• **Task to carry out**:
In the listing beneath this line, copy exactly the lines starting with the one containing "Line((8.9161356771, -15.875), (13.5611784004, -7.82955))" and going on through the one containing "Line((-17.9605874516, -10.36955), (-13.5611784004, -7.82955))".

**** Record excerpts ****

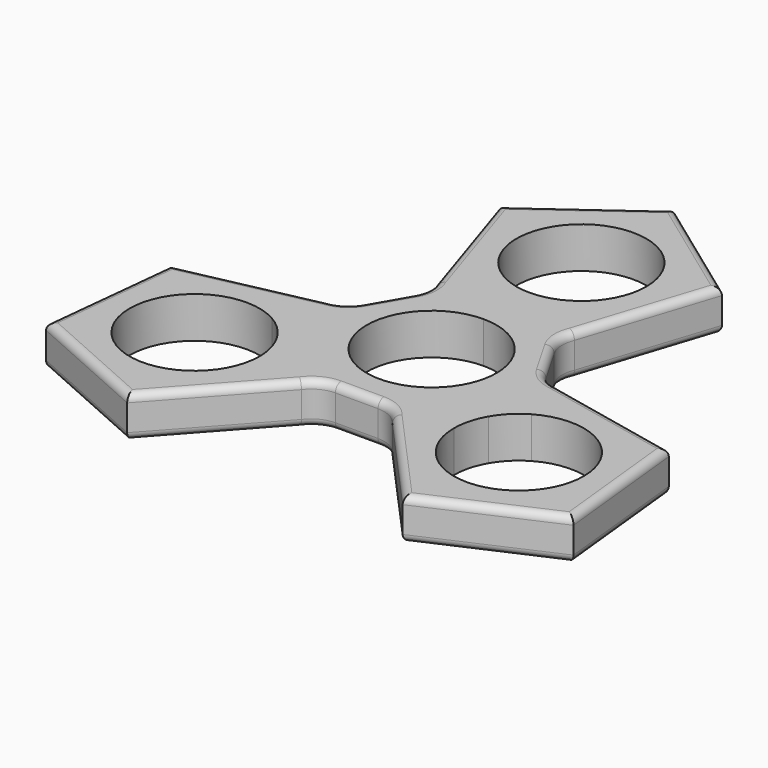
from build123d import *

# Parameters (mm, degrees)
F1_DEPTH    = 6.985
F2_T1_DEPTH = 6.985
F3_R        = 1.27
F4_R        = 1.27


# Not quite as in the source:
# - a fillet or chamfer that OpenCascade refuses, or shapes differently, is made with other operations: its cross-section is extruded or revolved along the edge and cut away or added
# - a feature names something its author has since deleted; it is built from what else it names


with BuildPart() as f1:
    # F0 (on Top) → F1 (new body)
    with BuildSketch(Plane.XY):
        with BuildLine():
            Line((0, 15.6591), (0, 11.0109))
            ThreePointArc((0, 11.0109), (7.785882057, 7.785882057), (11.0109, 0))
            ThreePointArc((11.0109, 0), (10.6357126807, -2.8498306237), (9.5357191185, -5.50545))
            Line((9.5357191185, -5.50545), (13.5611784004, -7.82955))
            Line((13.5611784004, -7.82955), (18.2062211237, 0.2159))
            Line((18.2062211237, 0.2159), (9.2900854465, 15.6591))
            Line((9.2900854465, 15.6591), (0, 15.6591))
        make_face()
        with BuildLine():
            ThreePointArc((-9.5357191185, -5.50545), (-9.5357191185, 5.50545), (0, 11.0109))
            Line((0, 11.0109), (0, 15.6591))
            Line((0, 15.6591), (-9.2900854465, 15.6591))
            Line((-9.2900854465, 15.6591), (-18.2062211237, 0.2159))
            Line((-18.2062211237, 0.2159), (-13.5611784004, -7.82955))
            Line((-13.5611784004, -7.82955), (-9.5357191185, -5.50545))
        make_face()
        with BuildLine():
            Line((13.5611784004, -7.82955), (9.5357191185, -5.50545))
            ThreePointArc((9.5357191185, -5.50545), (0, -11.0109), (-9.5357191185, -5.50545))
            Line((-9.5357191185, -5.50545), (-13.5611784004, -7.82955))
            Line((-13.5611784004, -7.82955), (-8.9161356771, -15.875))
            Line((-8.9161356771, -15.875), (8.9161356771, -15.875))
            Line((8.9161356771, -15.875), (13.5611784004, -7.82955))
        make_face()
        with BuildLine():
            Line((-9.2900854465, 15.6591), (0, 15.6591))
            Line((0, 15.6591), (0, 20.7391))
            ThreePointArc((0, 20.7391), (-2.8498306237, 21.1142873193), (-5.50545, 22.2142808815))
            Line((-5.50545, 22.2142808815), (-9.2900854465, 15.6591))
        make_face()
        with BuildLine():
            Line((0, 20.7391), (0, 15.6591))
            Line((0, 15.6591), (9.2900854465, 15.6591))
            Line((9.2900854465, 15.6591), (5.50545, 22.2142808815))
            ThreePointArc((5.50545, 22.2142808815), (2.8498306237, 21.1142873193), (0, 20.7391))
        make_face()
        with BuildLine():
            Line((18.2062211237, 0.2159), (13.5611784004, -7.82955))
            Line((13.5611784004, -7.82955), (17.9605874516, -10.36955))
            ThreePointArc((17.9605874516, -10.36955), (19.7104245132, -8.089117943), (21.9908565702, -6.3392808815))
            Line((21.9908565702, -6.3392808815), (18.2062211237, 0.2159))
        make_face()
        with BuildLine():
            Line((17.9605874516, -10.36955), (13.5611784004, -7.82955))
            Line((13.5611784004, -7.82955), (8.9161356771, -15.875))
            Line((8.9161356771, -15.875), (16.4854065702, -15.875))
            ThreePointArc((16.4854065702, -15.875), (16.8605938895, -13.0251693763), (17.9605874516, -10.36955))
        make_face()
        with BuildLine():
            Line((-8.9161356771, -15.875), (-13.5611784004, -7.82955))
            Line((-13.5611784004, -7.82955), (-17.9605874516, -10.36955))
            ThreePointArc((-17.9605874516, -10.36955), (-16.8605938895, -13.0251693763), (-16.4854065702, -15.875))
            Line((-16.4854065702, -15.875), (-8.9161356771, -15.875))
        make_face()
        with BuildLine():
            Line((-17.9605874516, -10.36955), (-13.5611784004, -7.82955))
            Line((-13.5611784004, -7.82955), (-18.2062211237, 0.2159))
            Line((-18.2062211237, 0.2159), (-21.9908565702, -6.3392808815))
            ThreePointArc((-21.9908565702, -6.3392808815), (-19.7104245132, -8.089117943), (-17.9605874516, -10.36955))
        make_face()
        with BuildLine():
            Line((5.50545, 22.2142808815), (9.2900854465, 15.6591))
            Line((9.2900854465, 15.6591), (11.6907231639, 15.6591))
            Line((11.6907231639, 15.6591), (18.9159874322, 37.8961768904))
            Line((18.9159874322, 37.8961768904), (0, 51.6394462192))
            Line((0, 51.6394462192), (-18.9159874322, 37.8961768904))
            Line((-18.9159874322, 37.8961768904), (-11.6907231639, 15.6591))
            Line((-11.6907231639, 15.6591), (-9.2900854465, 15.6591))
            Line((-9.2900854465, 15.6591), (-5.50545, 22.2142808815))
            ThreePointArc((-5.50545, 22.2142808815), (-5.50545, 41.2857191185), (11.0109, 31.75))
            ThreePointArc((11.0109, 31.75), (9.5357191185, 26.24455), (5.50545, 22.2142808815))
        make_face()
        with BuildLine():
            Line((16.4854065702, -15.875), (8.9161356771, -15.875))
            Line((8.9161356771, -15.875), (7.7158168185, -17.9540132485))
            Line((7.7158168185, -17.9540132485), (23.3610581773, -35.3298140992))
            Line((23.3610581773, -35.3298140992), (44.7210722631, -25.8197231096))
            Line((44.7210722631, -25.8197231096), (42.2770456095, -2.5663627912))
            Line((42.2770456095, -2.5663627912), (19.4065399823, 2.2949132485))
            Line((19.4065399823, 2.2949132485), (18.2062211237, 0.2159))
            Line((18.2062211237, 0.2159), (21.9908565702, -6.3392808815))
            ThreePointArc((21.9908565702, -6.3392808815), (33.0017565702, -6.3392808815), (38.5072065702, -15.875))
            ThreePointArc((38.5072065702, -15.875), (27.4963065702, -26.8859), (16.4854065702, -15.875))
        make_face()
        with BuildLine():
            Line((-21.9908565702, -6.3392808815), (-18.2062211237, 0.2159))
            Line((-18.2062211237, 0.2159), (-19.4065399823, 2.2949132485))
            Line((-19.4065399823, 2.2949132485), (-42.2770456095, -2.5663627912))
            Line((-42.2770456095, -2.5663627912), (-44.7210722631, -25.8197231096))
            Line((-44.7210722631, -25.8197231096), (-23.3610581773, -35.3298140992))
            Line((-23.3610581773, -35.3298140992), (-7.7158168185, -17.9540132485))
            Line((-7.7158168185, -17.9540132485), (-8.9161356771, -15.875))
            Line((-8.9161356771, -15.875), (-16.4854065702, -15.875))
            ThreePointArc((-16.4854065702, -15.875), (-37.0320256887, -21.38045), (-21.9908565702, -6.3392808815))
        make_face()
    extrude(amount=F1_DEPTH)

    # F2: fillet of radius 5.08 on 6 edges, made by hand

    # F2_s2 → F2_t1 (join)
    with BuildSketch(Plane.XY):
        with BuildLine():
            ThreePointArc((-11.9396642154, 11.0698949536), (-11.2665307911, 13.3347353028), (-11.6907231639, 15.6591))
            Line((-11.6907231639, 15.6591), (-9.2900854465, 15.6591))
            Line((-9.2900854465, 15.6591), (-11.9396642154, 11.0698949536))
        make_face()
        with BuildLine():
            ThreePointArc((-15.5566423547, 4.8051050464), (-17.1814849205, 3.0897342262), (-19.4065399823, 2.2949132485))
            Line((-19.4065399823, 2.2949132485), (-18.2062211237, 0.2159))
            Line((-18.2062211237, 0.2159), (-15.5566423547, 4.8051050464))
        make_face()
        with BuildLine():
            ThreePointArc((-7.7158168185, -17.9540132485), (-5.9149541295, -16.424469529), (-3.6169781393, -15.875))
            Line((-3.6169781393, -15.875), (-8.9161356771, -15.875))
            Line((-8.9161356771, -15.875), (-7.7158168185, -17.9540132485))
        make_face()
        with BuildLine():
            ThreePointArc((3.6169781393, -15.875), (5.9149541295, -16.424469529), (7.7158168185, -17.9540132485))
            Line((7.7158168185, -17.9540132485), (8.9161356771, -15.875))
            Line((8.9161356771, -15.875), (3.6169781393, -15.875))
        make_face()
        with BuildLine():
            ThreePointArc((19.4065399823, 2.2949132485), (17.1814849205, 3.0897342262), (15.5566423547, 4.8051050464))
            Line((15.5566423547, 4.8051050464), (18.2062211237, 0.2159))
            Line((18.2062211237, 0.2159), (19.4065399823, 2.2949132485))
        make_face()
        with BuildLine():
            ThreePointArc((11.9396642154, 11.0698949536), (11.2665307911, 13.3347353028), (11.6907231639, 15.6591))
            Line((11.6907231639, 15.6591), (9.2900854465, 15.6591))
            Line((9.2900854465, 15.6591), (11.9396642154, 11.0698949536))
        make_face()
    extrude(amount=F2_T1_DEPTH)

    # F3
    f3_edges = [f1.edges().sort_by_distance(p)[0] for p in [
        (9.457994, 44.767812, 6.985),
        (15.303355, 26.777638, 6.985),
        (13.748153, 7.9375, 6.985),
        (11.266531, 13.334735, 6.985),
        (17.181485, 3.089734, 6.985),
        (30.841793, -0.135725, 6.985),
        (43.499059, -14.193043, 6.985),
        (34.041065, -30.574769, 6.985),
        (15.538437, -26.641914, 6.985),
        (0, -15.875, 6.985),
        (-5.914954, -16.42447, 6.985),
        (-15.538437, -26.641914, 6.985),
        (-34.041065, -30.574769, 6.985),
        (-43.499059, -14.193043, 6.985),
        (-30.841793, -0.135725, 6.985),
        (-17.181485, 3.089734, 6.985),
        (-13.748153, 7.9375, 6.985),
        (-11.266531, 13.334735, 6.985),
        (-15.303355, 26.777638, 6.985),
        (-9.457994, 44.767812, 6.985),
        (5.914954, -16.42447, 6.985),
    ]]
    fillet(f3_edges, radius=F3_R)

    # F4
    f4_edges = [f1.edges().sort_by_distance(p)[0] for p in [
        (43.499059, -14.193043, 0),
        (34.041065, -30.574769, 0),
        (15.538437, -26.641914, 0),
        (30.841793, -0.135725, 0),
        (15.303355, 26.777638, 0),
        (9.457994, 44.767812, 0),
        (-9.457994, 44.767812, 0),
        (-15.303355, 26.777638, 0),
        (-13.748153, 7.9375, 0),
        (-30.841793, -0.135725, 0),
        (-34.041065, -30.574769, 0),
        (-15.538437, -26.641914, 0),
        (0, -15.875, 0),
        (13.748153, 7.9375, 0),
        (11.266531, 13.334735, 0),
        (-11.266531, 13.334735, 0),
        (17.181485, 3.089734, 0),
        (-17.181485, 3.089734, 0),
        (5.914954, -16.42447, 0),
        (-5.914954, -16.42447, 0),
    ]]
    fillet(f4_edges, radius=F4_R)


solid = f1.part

****

• **Task response**:
            Line((8.9161356771, -15.875), (13.5611784004, -7.82955))
        make_face()
        with BuildLine():
            Line((-9.2900854465, 15.6591), (0, 15.6591))
            Line((0, 15.6591), (0, 20.7391))
            ThreePointArc((0, 20.7391), (-2.8498306237, 21.1142873193), (-5.50545, 22.2142808815))
            Line((-5.50545, 22.2142808815), (-9.2900854465, 15.6591))
        make_face()
        with BuildLine():
            Line((0, 20.7391), (0, 15.6591))
            Line((0, 15.6591), (9.2900854465, 15.6591))
            Line((9.2900854465, 15.6591), (5.50545, 22.2142808815))
            ThreePointArc((5.50545, 22.2142808815), (2.8498306237, 21.1142873193), (0, 20.7391))
        make_face()
        with BuildLine():
            Line((18.2062211237, 0.2159), (13.5611784004, -7.82955))
            Line((13.5611784004, -7.82955), (17.9605874516, -10.36955))
            ThreePointArc((17.9605874516, -10.36955), (19.7104245132, -8.089117943), (21.9908565702, -6.3392808815))
            Line((21.9908565702, -6.3392808815), (18.2062211237, 0.2159))
        make_face()
        with BuildLine():
            Line((17.9605874516, -10.36955), (13.5611784004, -7.82955))
            Line((13.5611784004, -7.82955), (8.9161356771, -15.875))
            Line((8.9161356771, -15.875), (16.4854065702, -15.875))
            ThreePointArc((16.4854065702, -15.875), (16.8605938895, -13.0251693763), (17.9605874516, -10.36955))
        make_face()
        with BuildLine():
            Line((-8.9161356771, -15.875), (-13.5611784004, -7.82955))
            Line((-13.5611784004, -7.82955), (-17.9605874516, -10.36955))
            ThreePointArc((-17.9605874516, -10.36955), (-16.8605938895, -13.0251693763), (-16.4854065702, -15.875))
            Line((-16.4854065702, -15.875), (-8.9161356771, -15.875))
        make_face()
        with BuildLine():
            Line((-17.9605874516, -10.36955), (-13.5611784004, -7.82955))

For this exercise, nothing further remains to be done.